🔴 Stafford police warned Asian business owners about possible home burglaries

🔴 Two men were arrested in New York City on charges they helped establish a secret Chinese police station

🔴 Residents should store their valuables in a separate spot

Stafford police warned of an increase in home burglaries targeting Asian business owners including one in Berkeley Township.

The warning comes after an FBI alert about the People’s Republic of China agents harassing, stalking, terrorizing and bribing individuals in the Garden State.

Two men were arrested Monday on charges that they helped establish a secret police station in New York City on behalf of the Chinese government, and about three dozen officers with China's national police force were charged with using social media to harass dissidents inside the United States, authorities said Monday.

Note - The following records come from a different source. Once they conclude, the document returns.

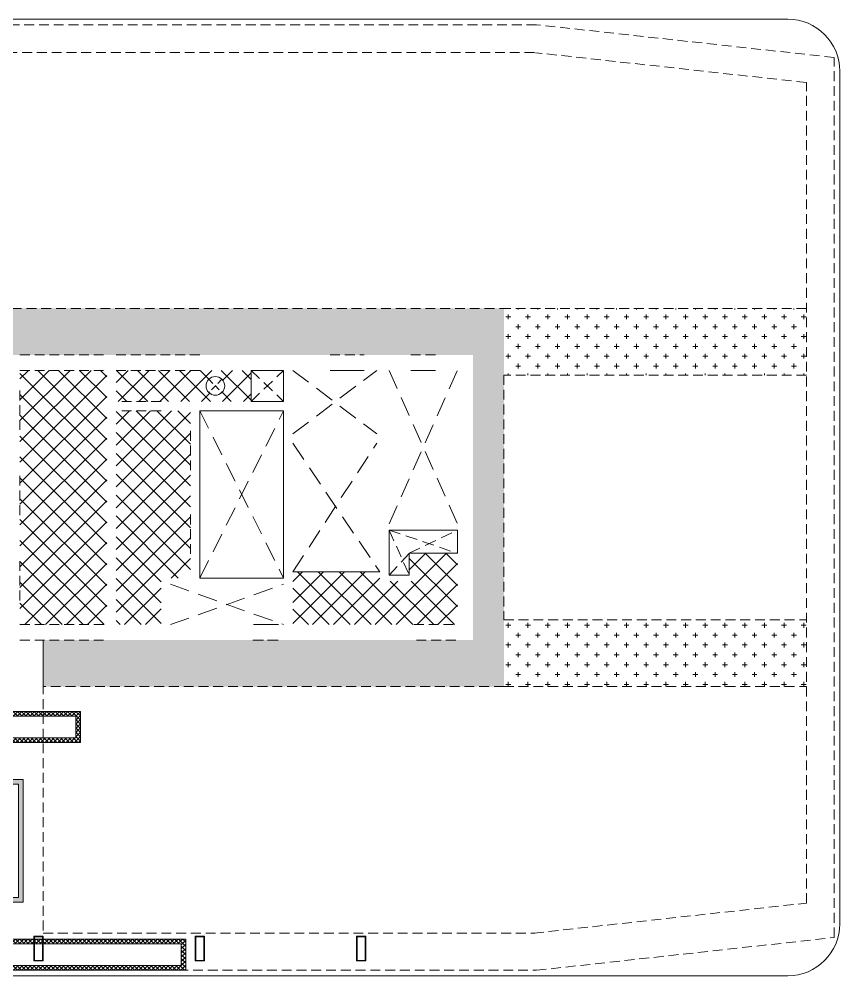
# Model space of a CAD drawing. Header units: millimetres. Extents: x 130120 to 192180, y 8270 to 39130.
# Drawn here: x 165725 to 192180, y 8270 to 39130 of the extents above; entities that cross this region are included whole.
import ezdxf

# ---------------------------------------------------------------- set-up
doc = ezdxf.new("R2010")
doc.units = ezdxf.units.MM
doc.linetypes.add('DASHED2', pattern=[9.524999999999999, 6.35, -3.175])
doc.linetypes.add('HIDDEN2', pattern=[4.762499999999999, 3.175, -1.5875])
for name, color, linetype, lineweight in [('NDC_S_BEAM', 3, 'HIDDEN2', 20), ('NDC_S_HATCH COLUMN AND WALL', 251, 'Continuous', 13), ('NDC_S_HATCH MATERIAL', 8, 'Continuous', 13), ('NDC_S_OPENING', 9, 'DASHED2', 13), ('NDC_S_SLAB', 2, 'Continuous', 20), ('NDC_S_TEXT SYMBOL', 7, 'Continuous', 20), ('NDC_Table', 3, 'Continuous', 20)]:
    doc.layers.add(name, color=color, linetype=linetype, lineweight=lineweight)
pattern_1 = [(49.99999999999999, (-161300.0000000023, -10649.99999999988), (215.178054780226, -18.82564049477853), [22.5, -247.5]), (355, (-161300.0000000023, -10649.99999999988), (-41.6254000839, 225.6576401100035), [18, -198]), (100.4514, (-161282.0684960023, -10651.56880199988), (173.5528145142065, 206.8318626182861), [19.122057, -210.3426336]), (46.18420000000002, (-161300.0000000023, -10589.99999999988), (320.1723145876933, -49.65570429870542), [33.74999999999999, -371.2499999999999]), (96.6356, (-161273.3189765023, -10594.13799209988), (280.398811664611, 292.2353612701325), [28.6830864, -315.5139]), (351.1842, (-161300.0000000023, -10589.99999999988), (280.3985835400882, 292.2355802775974), [27, -297]), (21, (-161270.0000000023, -10604.99999999988), (179.0721156355385, -120.7856671996016), [22.5, -247.5]), (326.0000000000001, (-161270.0000000023, -10604.99999999988), (72.99459957647451, 217.5450135140559), [18, -198]), (71.4514, (-161255.0773301023, -10615.06548179988), (252.066788574447, 96.75914901298572), [19.122057, -210.3426336]), (37.50000000000001, (-161300.0000000023, -10649.99999999988), (3.647956595187201, 99.86815614939344), [0, -195.6, 0, -201, 0, -198.75]), (7.499999999999999, (-161300.0000000023, -10649.99999999988), (78.92086123264458, 118.3235135647081), [0, -114.6, 0, -191.1, 0, -75.75]), (327.5, (-161366.9000000023, -10649.99999999988), (160.1467308517227, -6.766461520313927), [0, -75, 0, -234, 0, -310.5]), (317.5, (-161396.9000000023, -10649.99999999988), (174.9558508027159, 30.03149469969532), [0, -97.5, 0, -155.4, 0, -220.5]), (45, (-161300.0000000023, -10649.99999999988), (-90.1561146012848, 90.15611460128481), []), (45, (-161300.0000000023, -10613.24999999988), (-90.1561146012848, 90.15611460128481), [])]
pattern_2 = [(45, (-170950.4237695219, 51550.00000000024), (-67.35192090801864, 67.35192090801866), []), (135, (-170950.4237695219, 51550.00000000024), (-67.35192090801866, -67.35192090801864), [])]
pattern_3 = [(45, (0, 0), (-336.7596045400933, 336.7596045400933), []), (135, (0, 0), (-336.7596045400933, -336.7596045400932), [])]

# ---------------------------------------------------------------- blocks, each defined once
blk = doc.blocks.new('be vay')
at = {"layer": 'NDC_S_HATCH MATERIAL', "ltscale": 100}
h = blk.add_hatch(dxfattribs=at)
h.set_pattern_fill('BT-01', color=256, scale=30, pattern_type=2)
h.set_pattern_definition(pattern_1)
h.paths.add_polyline_path([(4399.999999982305, 3950.000000040629), (0, 3950.000000040629), (0, 0), (4399.999999982305, 0)])
h.paths.add_polyline_path([(4249.999999982305, 3800.000000040629), (4249.999999982305, 150), (150, 150), (150, 3800.000000040629)], flags=16)
h.paths.add_polyline_path([(750, 2800.000000040629), (750, 1150), (150, 1150), (150, 2800.000000040629)], flags=0)
h.paths.add_polyline_path([(650, 2700.000000040629), (650, 1250), (250, 1250), (250, 2700.000000040629)], flags=0)
h = blk.add_hatch(dxfattribs=at)
h.set_pattern_fill('BT-01', color=256, scale=30, pattern_type=2)
h.set_pattern_definition(pattern_1)
h.paths.add_polyline_path([(750, 2800.000000040629), (150, 2800.000000040629), (150, 1150), (750, 1150)])
h.paths.add_polyline_path([(650, 1250), (250, 1250), (250, 2700.000000040629), (650, 2700.000000040629)], flags=16)
at = {"layer": 'NDC_S_HATCH MATERIAL', "linetype": 'HIDDEN2', "ltscale": 30}
for p, q in [((450, 3800.000000040629), (450, 2800.000000040629)), ((750, 3800.000000040629), (750, 2800.000000040629)), ((450, 1150), (450, 150)), ((750, 1150), (750, 150))]:
    blk.add_line(p, q, dxfattribs=at)
at = {"layer": 'NDC_S_SLAB', "ltscale": 100}
for points in [[(0, 3950.000000040629), (4399.999999982305, 3950.000000040629), (4399.999999982305, 0), (0, 0)], [(150, 3800.000000040629), (4249.999999982305, 3800.000000040629), (4249.999999982305, 150), (150, 150)], [(150, 2800.000000040629), (750, 2800.000000040629), (750, 1150), (150, 1150)], [(250, 2700.000000040629), (650, 2700.000000040629), (650, 1250), (250, 1250)]]:
    blk.add_lwpolyline(points, close=True, dxfattribs=at)
blk = doc.blocks.new('bon cay')
at = {"layer": 'NDC_S_HATCH MATERIAL', "ltscale": 100}
h = blk.add_hatch(dxfattribs=at)
h.set_pattern_fill('ANSI37', color=256, scale=30)
h.set_pattern_definition(pattern_2)
h.paths.add_polyline_path([(-22861.62414720701, 30500.00000000012), (-39150.42376952045, 30500.00000000012, 0.414213562373095), (-40950.42376951966, 28700.00000000091), (-40950.42376951966, 21611.94030444441), (-39858.62386272007, 22462.91664894258, 0.2311726953961209), (-39550.42376951966, 23093.89434400944), (-39550.42376951966, 27599.99999999995, -0.4142135623730833), (-38050.42376951972, 29099.99999999995), (-33693.55954603988, 29100.00000000012, -0.231172695445911), (-32904.83742709004, 28714.74988335056), (-32205.57179482741, 27817.59433094753, 0.4142135623898845), (-31503.83579365481, 27730.6082131655), (-30072.19315344151, 28846.46654277162, -0.1670454521100661), (-29334.49329336657, 29100.00000007422), (-26749.96647205338, 29100.00000007422, -0.167100832947946), (-26012.06265819908, 28846.30754072858), (-24159.86045695777, 27402.01273210834, 0.4142135623252873), (-23458.1057259627, 27488.84761821068), (-23073.03453009541, 27982.67319462555, 0.1671008329898918), (-22861.62414720701, 28597.59303963284)])
h.paths.add_polyline_path([(-29334.49329336651, 29250.00000007422, 0.1670454521101088), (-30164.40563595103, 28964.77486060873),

Though China is believed to be operating secretive police outposts in countries around the globe, Justice Department officials said these arrests were the first of their kind anywhere in the world.

Jim Dennehy, the special agent in charge of the FBI in New Jersey, said that the Chinese government will frequently target political and human rights activists, dissidents, journalists, political opponents and various religious groups, either with their own agents who enter the U.S. under false pretenses, or they may try to hire people who live here to do their dirty work.

He said at other times they will go to an individual's homes “with firearms in order to intimidate and harass, and these victims are hiding in their own homes, under couches because they don’t want to be seen or actually kidnapped.”

Welcome to Stafford Townhip sign
Welcome to Stafford Townhip sign (Google Maps)

A warning in Stafford

Stafford police on Monday warned of an increase in home burglaries targeting Asian business owners, including one in Berkeley.

The department advised all residents to be aware of their surroundings and to check security systems to make sure they are working. The department also suggested moving cash and valuables to a more secure location.

Supervisory Special Agent Mike Ratta of the FBI field office in Newark said there's a belief that the Asian community keeps cash in their homes and that they’re not utilizing traditional banks

The FBI in December issued a similar warning to business owners about potential theives watching businesses to determine when they open and close.

"They may rummage through their cars to determine where they might live, then they would do surveillances at the residence as well," Supervisory Special Agent Mike Ratta of the FBI field office in Newark said. They would follow them to and from work and other places.”

Ratta said they may even go so far as to put a lookout in a business and outside the owner's home.